The EPA’s Alt-Fuels Tax

• March 13, 2012 4:14 pm


An oil and gas trade group filed a lawsuit Monday challenging the Environmental Protection Agency’s renewable fuel regulations, saying the rules are unachievable and amount to a stealth tax on the industry.

The American Petroleum Institute has requested that the D.C. Circuit Court review the EPA’s rules for cellulosic biofuel, a renewable fuel source made out of plant material such as switch grass and woodchips.

In a statement, API Director of Downstream and Industry Operations Bob Greco said the EPA’s mandate was "divorced from reality" and "forces refiners to purchase credits for cellulosic fuels that do not exist."

The EPA’s renewable fuel standards were first passed in 2007 and require refiners to blend certain amounts of renewable fuel annually, including cellulosic biofuel. In 2010 the mandate for cellulosic fuel was 100 million gallons, rising to 250 million in 2011 and 500 million in 2012.

However, there is no commercially available cellulosic fuel available in the United States. Rather than waive the mandate, which it has the power to do, the EPA lowered the target to 6.6 million gallons for 2011 and 8.65 million gallons for this year.

Refiners must buy a 78-cent waiver credit for every gallon under the target, amounting to approximately $6.8 million in penalties paid to the Treasury. And that’s not counting the other costs of the mandate.

"We have a team of dozens of people—approaching 100—trying to understand how we will comply with these regulations," said one oil industry executive. "The internal hidden costs of the regulation are staggering and far exceed the tax costs."

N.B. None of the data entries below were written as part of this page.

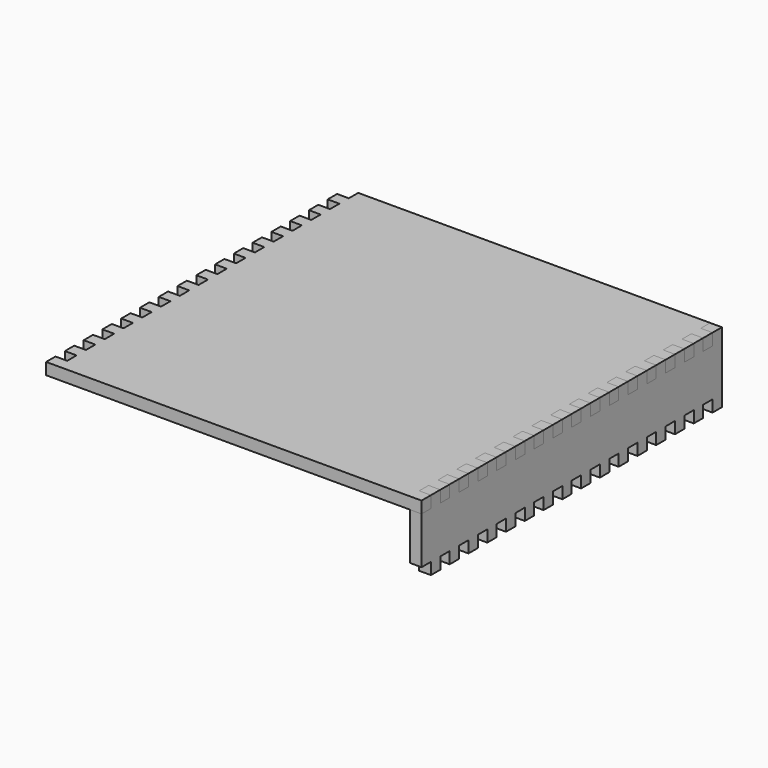
from build123d import *

# Parameters (mm, degrees)
F0_W     = 406.4
F0_H     = 406.4
F1_DEPTH = 12.7
F2_W     = 12.7
F2_H     = 12.7
F3_DEPTH = 12.7
F4_W     = 406.4
F4_H     = 76.2
F5_DEPTH = 12.7
F6_W     = 12.7
F6_H     = 12.7
F7_DEPTH = 12.7
F8_W     = 203.2
F8_H     = 76.2
F9_DEPTH = 12.7


with BuildPart() as f1:
    # F0 (on Top) → F1 (new body)
    with BuildSketch(Plane.XY):
        Rectangle(F0_W, F0_H)
    extrude(amount=F1_DEPTH)

    # F2 (on face) → F3 (cut, through all)
    with BuildSketch(Plane.XY.offset(12.7)):
        with Locations((-196.85, 196.85)):
            Rectangle(F2_W, F2_H)
        with Locations((-196.85, 171.45)):
            Rectangle(F2_W, F2_H)
        with Locations((-196.85, 146.05)):
            Rectangle(F2_W, F2_H)
        with Locations((-196.85, 120.65)):
            Rectangle(F2_W, F2_H)
        with Locations((-196.85, 95.25)):
            Rectangle(F2_W, F2_H)
        with Locations((-196.85, 69.85)):
            Rectangle(F2_W, F2_H)
        with Locations((-196.85, 44.45)):
            Rectangle(F2_W, F2_H)
        with Locations((-196.85, 19.05)):
            Rectangle(F2_W, F2_H)
        with Locations((-196.85, -6.35)):
            Rectangle(F2_W, F2_H)
        with Locations((-196.85, -31.75)):
            Rectangle(F2_W, F2_H)
        with Locations((-196.85, -57.15)):
            Rectangle(F2_W, F2_H)
        with Locations((-196.85, -82.55)):
            Rectangle(F2_W, F2_H)
        with Locations((-196.85, -107.95)):
            Rectangle(F2_W, F2_H)
        with Locations((-196.85, -133.35)):
            Rectangle(F2_W, F2_H)
        with Locations((-196.85, -158.75)):
            Rectangle(F2_W, F2_H)
        with Locations((-196.85, -184.15)):
            Rectangle(F2_W, F2_H)
        with Locations((196.85, 196.85)):
            Rectangle(F2_W, F2_H)
        with Locations((196.85, 171.45)):
            Rectangle(F2_W, F2_H)
        with Locations((196.85, 146.05)):
            Rectangle(F2_W, F2_H)
        with Locations((196.85, 120.65)):
            Rectangle(F2_W, F2_H)
        with Locations((196.85, 95.25)):
            Rectangle(F2_W, F2_H)
        with Locations((196.85, 69.85)):
            Rectangle(F2_W, F2_H)
        with Locations((196.85, 44.45)):
            Rectangle(F2_W, F2_H)
        with Locations((196.85, 19.05)):
            Rectangle(F2_W, F2_H)
        with Locations((196.85, -6.35)):
            Rectangle(F2_W, F2_H)
        with Locations((196.85, -31.75)):
            Rectangle(F2_W, F2_H)
        with Locations((196.85, -57.15)):
            Rectangle(F2_W, F2_H)
        with Locations((196.85, -82.55)):
            Rectangle(F2_W, F2_H)
        with Locations((196.85, -107.95)):
            Rectangle(F2_W, F2_H)
        with Locations((196.85, -133.35)):
            Rectangle(F2_W, F2_H)
        with Locations((196.85, -158.75)):
            Rectangle(F2_W, F2_H)
        with Locations((196.85, -184.15)):
            Rectangle(F2_W, F2_H)
    extrude(amount=-F3_DEPTH, mode=Mode.SUBTRACT)


with BuildPart() as f5:
    # F4 (on face) → F5 (new body)
    with BuildSketch(Plane.YZ.offset(203.2)):
        with Locations((0, -25.4)):
            Rectangle(F4_W, F4_H)
    extrude(amount=-F5_DEPTH)

    # F6 (on face) → F7 (cut, through all)
    with BuildSketch(Plane.YZ.offset(203.2)):
        with Locations((-196.85, 6.35)):
            Rectangle(F6_W, F6_H)
        with Locations((-196.85, -57.15)):
            Rectangle(F6_W, F6_H)
        with Locations((-171.45, 6.35)):
            Rectangle(F6_W, F6_H)
        with Locations((-171.45, -57.15)):
            Rectangle(F6_W, F6_H)
        with Locations((-146.05, 6.35)):
            Rectangle(F6_W, F6_H)
        with Locations((-146.05, -57.15)):
            Rectangle(F6_W, F6_H)
        with Locations((-120.65, 6.35)):
            Rectangle(F6_W, F6_H)
        with Locations((-120.65, -57.15)):
            Rectangle(F6_W, F6_H)
        with Locations((-95.25, 6.35)):
            Rectangle(F6_W, F6_H)
        with Locations((-95.25, -57.15)):
            Rectangle(F6_W, F6_H)
        with Locations((-69.85, 6.35)):
            Rectangle(F6_W, F6_H)
        with Locations((-69.85, -57.15)):
            Rectangle(F6_W, F6_H)
        with Locations((-44.45, 6.35)):
            Rectangle(F6_W, F6_H)
        with Locations((-44.45, -57.15)):
            Rectangle(F6_W, F6_H)
        with Locations((-19.05, 6.35)):
            Rectangle(F6_W, F6_H)
        with Locations((-19.05, -57.15)):
            Rectangle(F6_W, F6_H)
        with Locations((6.35, 6.35)):
            Rectangle(F6_W, F6_H)
        with Locations((6.35, -57.15)):
            Rectangle(F6_W, F6_H)
        with Locations((31.75, 6.35)):
            Rectangle(F6_W, F6_H)
        with Locations((31.75, -57.15)):
            Rectangle(F6_W, F6_H)
        with Locations((57.15, 6.35)):
            Rectangle(F6_W, F6_H)
        with Locations((57.15, -57.15)):
            Rectangle(F6_W, F6_H)
        with Locations((82.55, 6.35)):
            Rectangle(F6_W, F6_H)
        with Locations((82.55, -57.15)):
            Rectangle(F6_W, F6_H)
        with Locations((107.95, 6.35)):
            Rectangle(F6_W, F6_H)
        with Locations((107.95, -57.15)):
            Rectangle(F6_W, F6_H)
        with Locations((133.35, 6.35)):
            Rectangle(F6_W, F6_H)
        with Locations((133.35, -57.15)):
            Rectangle(F6_W, F6_H)
        with Locations((158.75, 6.35)):
            Rectangle(F6_W, F6_H)
        with Locations((158.75, -57.15)):
            Rectangle(F6_W, F6_H)
        with Locations((184.15, 6.35)):
            Rectangle(F6_W, F6_H)
        with Locations((184.15, -57.15)):
            Rectangle(F6_W, F6_H)
    extrude(amount=-F7_DEPTH, mode=Mode.SUBTRACT)


with BuildPart() as f9:
    # F8 (on face) → F9 (new body)
    with BuildSketch(Plane(origin=(0, 0, -63.5), x_dir=(1, 0, 0), z_dir=(0, 0, -1))):
        with Locations((0, -88.9)):
            Rectangle(F8_W, F8_H)
    extrude(amount=F9_DEPTH)


solid = Compound([f1.part, f5.part, f9.part])

The American Petroleum Institute requested the EPA waive the cellulosic mandate for the last two years, but it denied the request both times. The EPA has argued setting quotas keeps demand from slipping.

Several cellulosic biofuel plants are expected to be operational by 2012 and 2013. EPA spokeswoman Cathy Milbourn told the New York Times the agency believes the 2012 quota will be "reasonably attainable."

However, the long-term success of the program remains in question. A congressionally requested report from the National Research Council concluded the U.S. is unlikely to reach cellulosic ethanol production mandates by 2022 unless "innovative technologies are developed or policies change."

It also noted that reductions in greenhouse gas emissions because of the mandates were uncertain.

The case is American Petroleum Institute v. U.S. Environmental Protection Agency, 12-1139, U.S. Circuit Court for the District of Columbia Circuit.

In an email, the EPA said it "will review and respond to the suit appropriately."